The local primary school is Kibblesworth Academy, located on West View.

==Churches and chapels==
Kibblesworth is in the parish of St. Andrews, Lamesley. While the area was agricultural, this was the centre of worship for the people of Kibblesworth. After the development of the mining industry, the Primitive Methodist Chapel (1864) and Wesleyan Methodist Chapel (1867) on Front Street, provided social as well as religious life for the village. The present Wesleyan chapel was rebuilt in 1913 but closed in August 2024 and was offered for sale The Primitive Methodist Chapel has now been converted into luxury flats.

==The colliery==
Although there had been coal-mining in the Kibblesworth area from medieval times, relatively few men were employed in the industry until the sinking of Robert Pit in 1842. From this date the fortunes of the village followed those of the industry with particular black spots during the strikes of 1921 and 1926 and the depression of the 1930s, high spots in the boom of the 1950s and 60s, and eventually closure of the pit in 1974.

The Bowes Railway was used for the transport of coal from Kibblesworth to the River Tyne at Jarrow. The line was started by George Stephenson in 1826 and extended to Kibblesworth when Robert Pit was sunk in 1842. The railway used three types of power – locomotives, stationary steam engines and self-acting inclines. There is now a cycletrack that runs along the former track bed.

==Notable buildings and structures==
- The Square at Spout Burn: built to house the miners of Robert Pit. It was demolished between 1965 and 1966, and replaced by old people's bungalows the following year and Grange Estate from 1973.

- The Barracks, also known as Kibbleswoth Nether Hall: was divided up into tenements for miners and their families, no soldiers ever lived there. The memory survives in the street named Barrack Terrace. The hall was demolished and replaced by the Miner's Institute in 1936-7. An area near the site of Kibblesworth Old Hall has been redeveloped for housing named Woodlands Court.

- Kibblesworth Old Hall: for many years the home of the colliery manager. It was demolished in 1973.

- Kibblesworth School: built in 1875, and closed in 1972. It has since been redeveloped using Lottery funding to house the village community centre known as the 'Millennium Centre'. The present school opened in 1972.

- London Underground Test Tunnel: for two years the village was the guinea pig in the development of the world's first underground train and tunnel in London. In 1855 a short test tunnel was constructed, over 270 mi away from London.
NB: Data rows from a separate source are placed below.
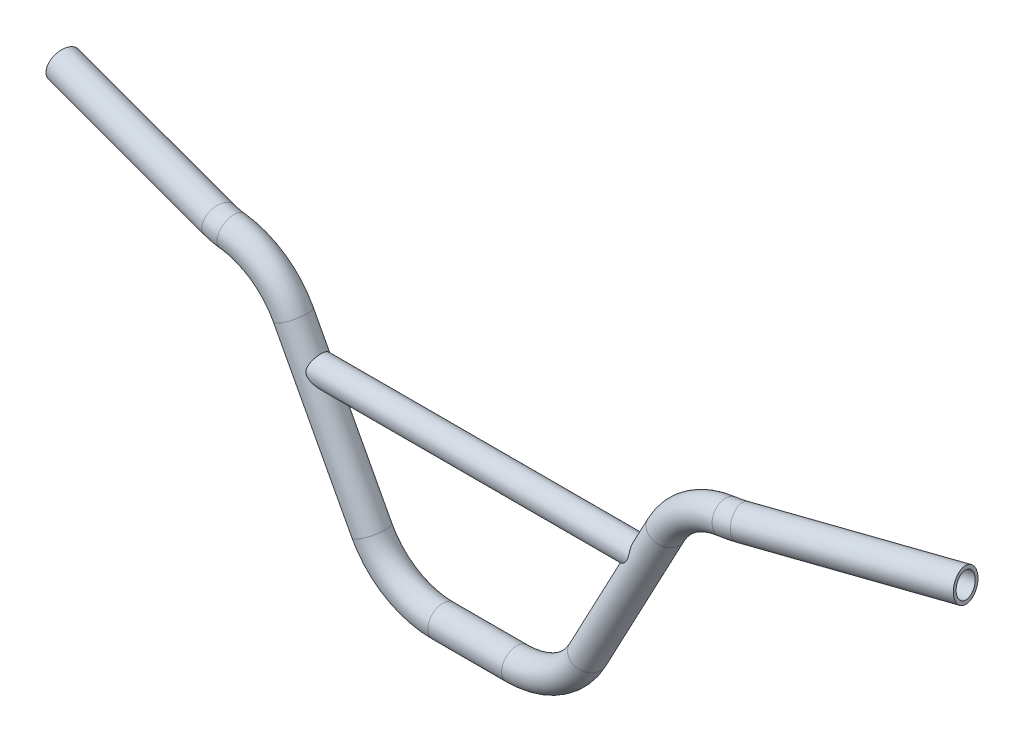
ISO-10303-21;
HEADER;
FILE_DESCRIPTION(('STEP AP214'),'2;1');
FILE_NAME('part.step','',(''),(''),'','','');
FILE_SCHEMA(('AUTOMOTIVE_DESIGN { 1 0 10303 214 1 1 1 1 }'));
ENDSEC;
DATA;
#1=APPLICATION_CONTEXT('core data for automotive mechanical design processes');
#2=APPLICATION_PROTOCOL_DEFINITION('international standard','automotive_design',2000,#1);
#3=PRODUCT_CONTEXT('',#1,'mechanical');
#4=PRODUCT('Part','Part','',(#3));
#5=PRODUCT_RELATED_PRODUCT_CATEGORY('part','',(#4));
#6=PRODUCT_DEFINITION_FORMATION('','',#4);
#7=PRODUCT_DEFINITION_CONTEXT('part definition',#1,'design');
#8=PRODUCT_DEFINITION('design','',#6,#7);
#9=PRODUCT_DEFINITION_SHAPE('','',#8);
#10=(LENGTH_UNIT() NAMED_UNIT(*) SI_UNIT(.MILLI.,.METRE.));
#11=(NAMED_UNIT(*) PLANE_ANGLE_UNIT() SI_UNIT($,.RADIAN.));
#12=(NAMED_UNIT(*) SI_UNIT($,.STERADIAN.) SOLID_ANGLE_UNIT());
#13=UNCERTAINTY_MEASURE_WITH_UNIT(LENGTH_MEASURE(1.E-05),#10,'distance_accuracy_value','');
#14=(GEOMETRIC_REPRESENTATION_CONTEXT(3) GLOBAL_UNCERTAINTY_ASSIGNED_CONTEXT((#13)) GLOBAL_UNIT_ASSIGNED_CONTEXT((#10,
#11,#12)) REPRESENTATION_CONTEXT('',''));
#15=CARTESIAN_POINT('',(0.,0.,0.));
#16=DIRECTION('',(0.,0.,1.));
#17=DIRECTION('',(1.,0.,0.));
#18=AXIS2_PLACEMENT_3D('',#15,#16,#17);
#19=CARTESIAN_POINT('',(136.367279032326,139.243628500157,0.));
#20=DIRECTION('',(-0.469471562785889,-0.882947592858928,0.));
#21=DIRECTION('',(0.882947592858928,-0.469471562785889,0.));
#22=AXIS2_PLACEMENT_3D('',#19,#20,#21);
#23=CYLINDRICAL_SURFACE('',#22,11.);
#24=CARTESIAN_POINT('',(117.196308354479,115.,9.50000000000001));
#25=CARTESIAN_POINT('',(117.052518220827,114.729564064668,9.50000432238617));
#26=CARTESIAN_POINT('',(116.891222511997,114.468532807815,9.48847273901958));
#27=CARTESIAN_POINT('',(116.543750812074,113.964906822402,9.44683527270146));
#28=CARTESIAN_POINT('',(116.357521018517,113.722353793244,9.41668869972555));
#29=CARTESIAN_POINT('',(115.966545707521,113.251106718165,9.34071155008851));
#30=CARTESIAN_POINT('',(115.761623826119,113.02258816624,9.29471705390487));
#31=CARTESIAN_POINT('',(115.340989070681,112.579450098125,9.18927419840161));
#32=CARTESIAN_POINT('',(115.125283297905,112.36482164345,9.12983460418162));
#33=CARTESIAN_POINT('',(114.711955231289,111.970658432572,9.0061476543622));
#34=CARTESIAN_POINT('',(114.515079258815,111.789914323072,8.94322353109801));
#35=CARTESIAN_POINT('',(114.117806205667,111.435862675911,8.80811170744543));
#36=CARTESIAN_POINT('',(113.917408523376,111.262556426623,8.73592241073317));
#37=CARTESIAN_POINT('',(113.51444856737,110.92224602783,8.58235369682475));
#38=CARTESIAN_POINT('',(113.311884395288,110.755248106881,8.50096549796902));
#39=CARTESIAN_POINT('',(112.906011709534,110.427019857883,8.32899593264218));
#40=CARTESIAN_POINT('',(112.702703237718,110.265789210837,8.23841507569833));
#41=CARTESIAN_POINT('',(112.297441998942,109.949435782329,8.04833349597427));
#42=CARTESIAN_POINT('',(112.095487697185,109.794285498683,7.94888183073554));
#43=CARTESIAN_POINT('',(111.692824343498,109.488941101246,7.74031087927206));
#44=CARTESIAN_POINT('',(111.492115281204,109.338746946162,7.63119167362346));
#45=CARTESIAN_POINT('',(111.093085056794,109.043374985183,7.40293315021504));
#46=CARTESIAN_POINT('',(110.894761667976,108.898192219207,7.28380416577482));
#47=CARTESIAN_POINT('',(110.501266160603,108.612754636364,7.03483932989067));
#48=CARTESIAN_POINT('',(110.306094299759,108.472500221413,6.90500260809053));
#49=CARTESIAN_POINT('',(109.914899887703,108.193544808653,6.63034634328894));
#50=CARTESIAN_POINT('',(109.718991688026,108.054983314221,6.48522107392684));
#51=CARTESIAN_POINT('',(109.333095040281,107.783869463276,6.18213497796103));
#52=CARTESIAN_POINT('',(109.14310511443,107.651315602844,6.0241773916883));
#53=CARTESIAN_POINT('',(108.770665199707,107.392935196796,5.69442175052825));
#54=CARTESIAN_POINT('',(108.588215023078,107.267108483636,5.52262404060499));
#55=CARTESIAN_POINT('',(108.232941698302,107.023260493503,5.16416654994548));
#56=CARTESIAN_POINT('',(108.060116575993,106.905237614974,4.97750983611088));
#57=CARTESIAN_POINT('',(107.761206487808,106.701923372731,4.62858327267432));
#58=CARTESIAN_POINT('',(107.632854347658,106.614915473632,4.46926905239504));
#59=CARTESIAN_POINT('',(107.385458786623,106.447668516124,4.14025700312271));
#60=CARTESIAN_POINT('',(107.266415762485,106.367429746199,3.9705587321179));
#61=CARTESIAN_POINT('',(106.926372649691,106.138761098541,3.44581808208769));
#62=CARTESIAN_POINT('',(106.721747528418,106.001896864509,3.0743262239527));
#63=CARTESIAN_POINT('',(106.422530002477,105.802317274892,2.39611596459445));
#64=CARTESIAN_POINT('',(106.313145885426,105.729559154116,2.09897503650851));
#65=CARTESIAN_POINT('',(106.180432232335,105.641394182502,1.64036882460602));
#66=CARTESIAN_POINT('',(106.141423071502,105.615502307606,1.48536227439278));
#67=CARTESIAN_POINT('',(106.074680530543,105.571224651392,1.17184631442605));
#68=CARTESIAN_POINT('',(106.046947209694,105.552838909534,1.01333688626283));
#69=CARTESIAN_POINT('',(106.003330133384,105.52393099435,0.692935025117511));
#70=CARTESIAN_POINT('',(105.987523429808,105.513459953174,0.531027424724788));
#71=CARTESIAN_POINT('',(105.968480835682,105.500846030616,0.2061446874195));
#72=CARTESIAN_POINT('',(105.965244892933,105.498703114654,0.0431695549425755));
#73=CARTESIAN_POINT('',(105.97143579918,105.502803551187,-0.282441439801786));
#74=CARTESIAN_POINT('',(105.980863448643,105.509047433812,-0.445077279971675));
#75=CARTESIAN_POINT('',(106.012120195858,105.529756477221,-0.768612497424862));
#76=CARTESIAN_POINT('',(106.03394898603,105.544221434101,-0.929511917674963));
#77=CARTESIAN_POINT('',(106.087032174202,105.579418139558,-1.23456009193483));
#78=CARTESIAN_POINT('',(106.117310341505,105.599501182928,-1.37895591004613));
#79=CARTESIAN_POINT('',(106.187119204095,105.645837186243,-1.66450710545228));
#80=CARTESIAN_POINT('',(106.226652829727,105.672092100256,-1.80566144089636));
#81=CARTESIAN_POINT('',(106.358058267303,105.759436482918,-2.22323118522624));
#82=CARTESIAN_POINT('',(106.462756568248,105.829120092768,-2.49387402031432));
#83=CARTESIAN_POINT('',(106.763663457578,106.029910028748,-3.15650011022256));
#84=CARTESIAN_POINT('',(106.978860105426,106.173930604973,-3.5359138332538));
#85=CARTESIAN_POINT('',(107.335615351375,106.414057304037,-4.07062917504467));
#86=CARTESIAN_POINT('',(107.460410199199,106.498262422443,-4.24337047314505));
#87=CARTESIAN_POINT('',(107.719480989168,106.673621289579,-4.57788239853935));
#88=CARTESIAN_POINT('',(107.853755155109,106.764773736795,-4.73965507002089));
#89=CARTESIAN_POINT('',(108.218400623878,107.013209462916,-5.15276141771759));
#90=CARTESIAN_POINT('',(108.455345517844,107.175527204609,-5.39526083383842));
#91=CARTESIAN_POINT('',(108.944435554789,107.513075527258,-5.85467755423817));
#92=CARTESIAN_POINT('',(109.196591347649,107.688315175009,-6.07157661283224));
#93=CARTESIAN_POINT('',(109.712853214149,108.050407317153,-6.48294309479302));
#94=CARTESIAN_POINT('',(109.977005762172,108.237306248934,-6.6773106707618));
#95=CARTESIAN_POINT('',(110.512839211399,108.620793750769,-7.04458658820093));
#96=CARTESIAN_POINT('',(110.784517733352,108.817379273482,-7.21750161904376));
#97=CARTESIAN_POINT('',(111.264214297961,109.169512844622,-7.50287390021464));
#98=CARTESIAN_POINT('',(111.471175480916,109.323039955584,-7.61964126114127));
#99=CARTESIAN_POINT('',(111.886813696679,109.635364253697,-7.84267300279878));
#100=CARTESIAN_POINT('',(112.095490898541,109.794161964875,-7.9489363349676));
#101=CARTESIAN_POINT('',(112.513779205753,110.117458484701,-8.15151701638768));
#102=CARTESIAN_POINT('',(112.723391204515,110.281964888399,-8.24782037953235));
#103=CARTESIAN_POINT('',(113.142137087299,110.616913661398,-8.43059646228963));
#104=CARTESIAN_POINT('',(113.351271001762,110.787355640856,-8.51706982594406));
#105=CARTESIAN_POINT('',(113.766815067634,111.134074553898,-8.67992731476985));
#106=CARTESIAN_POINT('',(113.973233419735,111.310320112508,-8.75635718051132));
#107=CARTESIAN_POINT('',(114.382848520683,111.670449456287,-8.89953147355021));
#108=CARTESIAN_POINT('',(114.586044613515,111.854334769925,-8.96627395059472));
#109=CARTESIAN_POINT('',(114.986721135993,112.230674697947,-9.08955300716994));
#110=CARTESIAN_POINT('',(115.184212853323,112.423110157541,-9.14611109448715));
#111=CARTESIAN_POINT('',(115.571111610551,112.818601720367,-9.24841782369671));
#112=CARTESIAN_POINT('',(115.760523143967,113.021651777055,-9.2941725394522));
#113=CARTESIAN_POINT('',(116.064460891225,113.368665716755,-9.35993121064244));
#114=CARTESIAN_POINT('',(116.182382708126,113.508998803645,-9.38338406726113));
#115=CARTESIAN_POINT('',(116.411618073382,113.795843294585,-9.4244899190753));
#116=CARTESIAN_POINT('',(116.522931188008,113.942355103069,-9.44214253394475));
#117=CARTESIAN_POINT('',(116.736853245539,114.241683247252,-9.4708763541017));
#118=CARTESIAN_POINT('',(116.839484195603,114.394482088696,-9.4819746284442));
#119=CARTESIAN_POINT('',(117.034232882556,114.707009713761,-9.49676829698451));
#120=CARTESIAN_POINT('',(117.126353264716,114.866736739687,-9.50046555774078));
#121=CARTESIAN_POINT('',(117.281792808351,115.16246270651,-9.49953647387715));
#122=CARTESIAN_POINT('',(117.347278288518,115.297325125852,-9.49633507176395));
#123=CARTESIAN_POINT('',(117.468609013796,115.571031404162,-9.48381131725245));
#124=CARTESIAN_POINT('',(117.524456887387,115.709874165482,-9.47449063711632));
#125=CARTESIAN_POINT('',(117.625560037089,115.990685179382,-9.44925365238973));
#126=CARTESIAN_POINT('',(117.670822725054,116.132651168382,-9.43334198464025));
#127=CARTESIAN_POINT('',(117.750291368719,116.418721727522,-9.3945760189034));
#128=CARTESIAN_POINT('',(117.784497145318,116.562826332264,-9.37172160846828));
#129=CARTESIAN_POINT('',(117.841839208,116.851793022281,-9.31892778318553));
#130=CARTESIAN_POINT('',(117.864985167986,116.996654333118,-9.28899459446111));
#131=CARTESIAN_POINT('',(117.900788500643,117.286020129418,-9.22204804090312));
#132=CARTESIAN_POINT('',(117.913445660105,117.430524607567,-9.18503453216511));
#133=CARTESIAN_POINT('',(117.929223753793,117.718333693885,-9.10401296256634));
#134=CARTESIAN_POINT('',(117.932328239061,117.861635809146,-9.05999297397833));
#135=CARTESIAN_POINT('',(117.930132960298,118.145951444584,-8.96523643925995));
#136=CARTESIAN_POINT('',(117.924830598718,118.286964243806,-8.91449782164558));
#137=CARTESIAN_POINT('',(117.90275753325,118.633878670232,-8.78033763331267));
#138=CARTESIAN_POINT('',(117.881665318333,118.838006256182,-8.69301717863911));
#139=CARTESIAN_POINT('',(117.82761811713,119.238387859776,-8.50500183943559));
#140=CARTESIAN_POINT('',(117.794657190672,119.434637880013,-8.40430027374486));
#141=CARTESIAN_POINT('',(117.720200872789,119.818722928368,-8.19013595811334));
#142=CARTESIAN_POINT('',(117.678692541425,120.006544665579,-8.07665397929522));
#143=CARTESIAN_POINT('',(117.589960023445,120.372914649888,-7.83770508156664));
#144=CARTESIAN_POINT('',(117.5427365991,120.551464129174,-7.71223976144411));
#145=CARTESIAN_POINT('',(117.442609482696,120.906750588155,-7.44392768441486));
#146=CARTESIAN_POINT('',(117.389545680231,121.083042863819,-7.30055229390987));
#147=CARTESIAN_POINT('',(117.281707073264,121.424619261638,-7.00183870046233));
#148=CARTESIAN_POINT('',(117.226932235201,121.589903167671,-6.84650026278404));
#149=CARTESIAN_POINT('',(117.117396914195,121.908885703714,-6.52446451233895));
#150=CARTESIAN_POINT('',(117.062636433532,122.06258863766,-6.35777146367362));
#151=CARTESIAN_POINT('',(116.954536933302,122.357893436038,-6.01355412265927));
#152=CARTESIAN_POINT('',(116.90119796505,122.499494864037,-5.83602944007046));
#153=CARTESIAN_POINT('',(116.786360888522,122.798043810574,-5.43284488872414));
#154=CARTESIAN_POINT('',(116.725467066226,122.952076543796,-5.20484185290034));
#155=CARTESIAN_POINT('',(116.609375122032,123.240357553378,-4.7352324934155));
#156=CARTESIAN_POINT('',(116.554177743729,123.374603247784,-4.4936244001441));
#157=CARTESIAN_POINT('',(116.451034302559,123.622069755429,-3.99831924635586));
#158=CARTESIAN_POINT('',(116.403089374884,123.735287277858,-3.74462030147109));
#159=CARTESIAN_POINT('',(116.315778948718,123.939455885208,-3.22699745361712));
#160=CARTESIAN_POINT('',(116.276412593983,124.030409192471,-2.96307457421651));
#161=CARTESIAN_POINT('',(116.209296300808,124.1844436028,-2.44242195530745));
#162=CARTESIAN_POINT('',(116.181010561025,124.248821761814,-2.18614474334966));
#163=CARTESIAN_POINT('',(116.133684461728,124.356106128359,-1.66828883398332));
#164=CARTESIAN_POINT('',(116.114643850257,124.399012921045,-1.40671028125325));
#165=CARTESIAN_POINT('',(116.086275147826,124.462820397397,-0.880480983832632));
#166=CARTESIAN_POINT('',(116.076942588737,124.483731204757,-0.615831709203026));
#167=CARTESIAN_POINT('',(116.06820183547,124.503318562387,-0.085553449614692));
#168=CARTESIAN_POINT('',(116.068793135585,124.501996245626,0.180075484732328));
#169=CARTESIAN_POINT('',(116.079485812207,124.478028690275,0.691136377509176));
#170=CARTESIAN_POINT('',(116.088905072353,124.456912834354,0.936656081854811));
#171=CARTESIAN_POINT('',(116.116085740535,124.395760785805,1.42484712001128));
#172=CARTESIAN_POINT('',(116.133846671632,124.355725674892,1.66751861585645));
#173=CARTESIAN_POINT('',(116.177339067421,124.257156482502,2.14831914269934));
#174=CARTESIAN_POINT('',(116.203069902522,124.19862386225,2.38644853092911));
#175=CARTESIAN_POINT('',(116.261969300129,124.06363678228,2.85662653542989));
#176=CARTESIAN_POINT('',(116.295138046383,123.987181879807,3.0886750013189));
#177=CARTESIAN_POINT('',(116.368496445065,123.81642552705,3.54695357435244));
#178=CARTESIAN_POINT('',(116.408736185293,123.721996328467,3.77312799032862));
#179=CARTESIAN_POINT('',(116.495214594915,123.516470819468,4.2165685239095));
#180=CARTESIAN_POINT('',(116.541453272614,123.405374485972,4.4338346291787));
#181=CARTESIAN_POINT('',(116.638951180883,123.167309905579,4.85842731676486));
#182=CARTESIAN_POINT('',(116.690212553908,123.040334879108,5.06574960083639));
#183=CARTESIAN_POINT('',(116.796580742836,122.771398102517,5.4693868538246));
#184=CARTESIAN_POINT('',(116.851687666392,122.62943593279,5.66570151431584));
#185=CARTESIAN_POINT('',(116.968742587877,122.319876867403,6.06112210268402));
#186=CARTESIAN_POINT('',(117.030890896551,122.151148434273,6.25928364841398));
#187=CARTESIAN_POINT('',(117.15613640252,121.79816150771,6.64097806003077));
#188=CARTESIAN_POINT('',(117.219233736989,121.613900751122,6.8245087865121));
#189=CARTESIAN_POINT('',(117.344000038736,121.230633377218,7.17613202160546));
#190=CARTESIAN_POINT('',(117.405668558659,121.031622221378,7.34421974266));
#191=CARTESIAN_POINT('',(117.524580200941,120.619657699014,7.66403386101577));
#192=CARTESIAN_POINT('',(117.581824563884,120.406708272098,7.81576484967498));
#193=CARTESIAN_POINT('',(117.674232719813,120.024806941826,8.06466808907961));
#194=CARTESIAN_POINT('',(117.711263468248,119.85884808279,8.16575507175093));
#195=CARTESIAN_POINT('',(117.778894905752,119.520050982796,8.3580535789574));
#196=CARTESIAN_POINT('',(117.809497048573,119.347214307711,8.44926733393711));
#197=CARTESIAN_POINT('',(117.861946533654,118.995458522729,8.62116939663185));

The work undertaken in Kibblesworth meant in January 1863 the first London Underground route could open between Paddington and Farringdon.

==Chronology==
- 1842 – The sinking of Robert Pit
- 1842–50 – Square and Barrack Terrace built; Old Hall (Barracks) converted to tenements
- 1855 - A short test tunnel was constructed and underground train operated, which would later result in the creation of the London Underground
- 1862 – Causey Row built
- 1864 – Opening of Primitive Methodist Chapel
- 1867 – Opening of Wesleyan Methodist Chapel
- 1875 – Opening of school
- 1901 – School extensions built, Coronation Terrace built
- 1908– Old Plough Inn demolished
- 1913 – Opening of New Wesleyan Chapel
- 1914 – The Crescent built and Grange Drift opened
- 1921 – Miners' strike
- 1926 – First aged miners' homes, opposite Liddle Terrace
- 1926 – General Strike
- 1932 – Closure of Grange Drift
- 1935-6 – Barracks demolished and Miners' Welfare Institute built on site
- 1936 – First council housing in Ashvale Avenue and Laburnum Crescent
- 1947 – Nationalisation of the pits
- 1965 – The Square demolished
- 1974 – Closure of the pit

== Notable people ==
- Si King, co-presenter of BBC television food programme Hairy Bikers, is from Kibblesworth.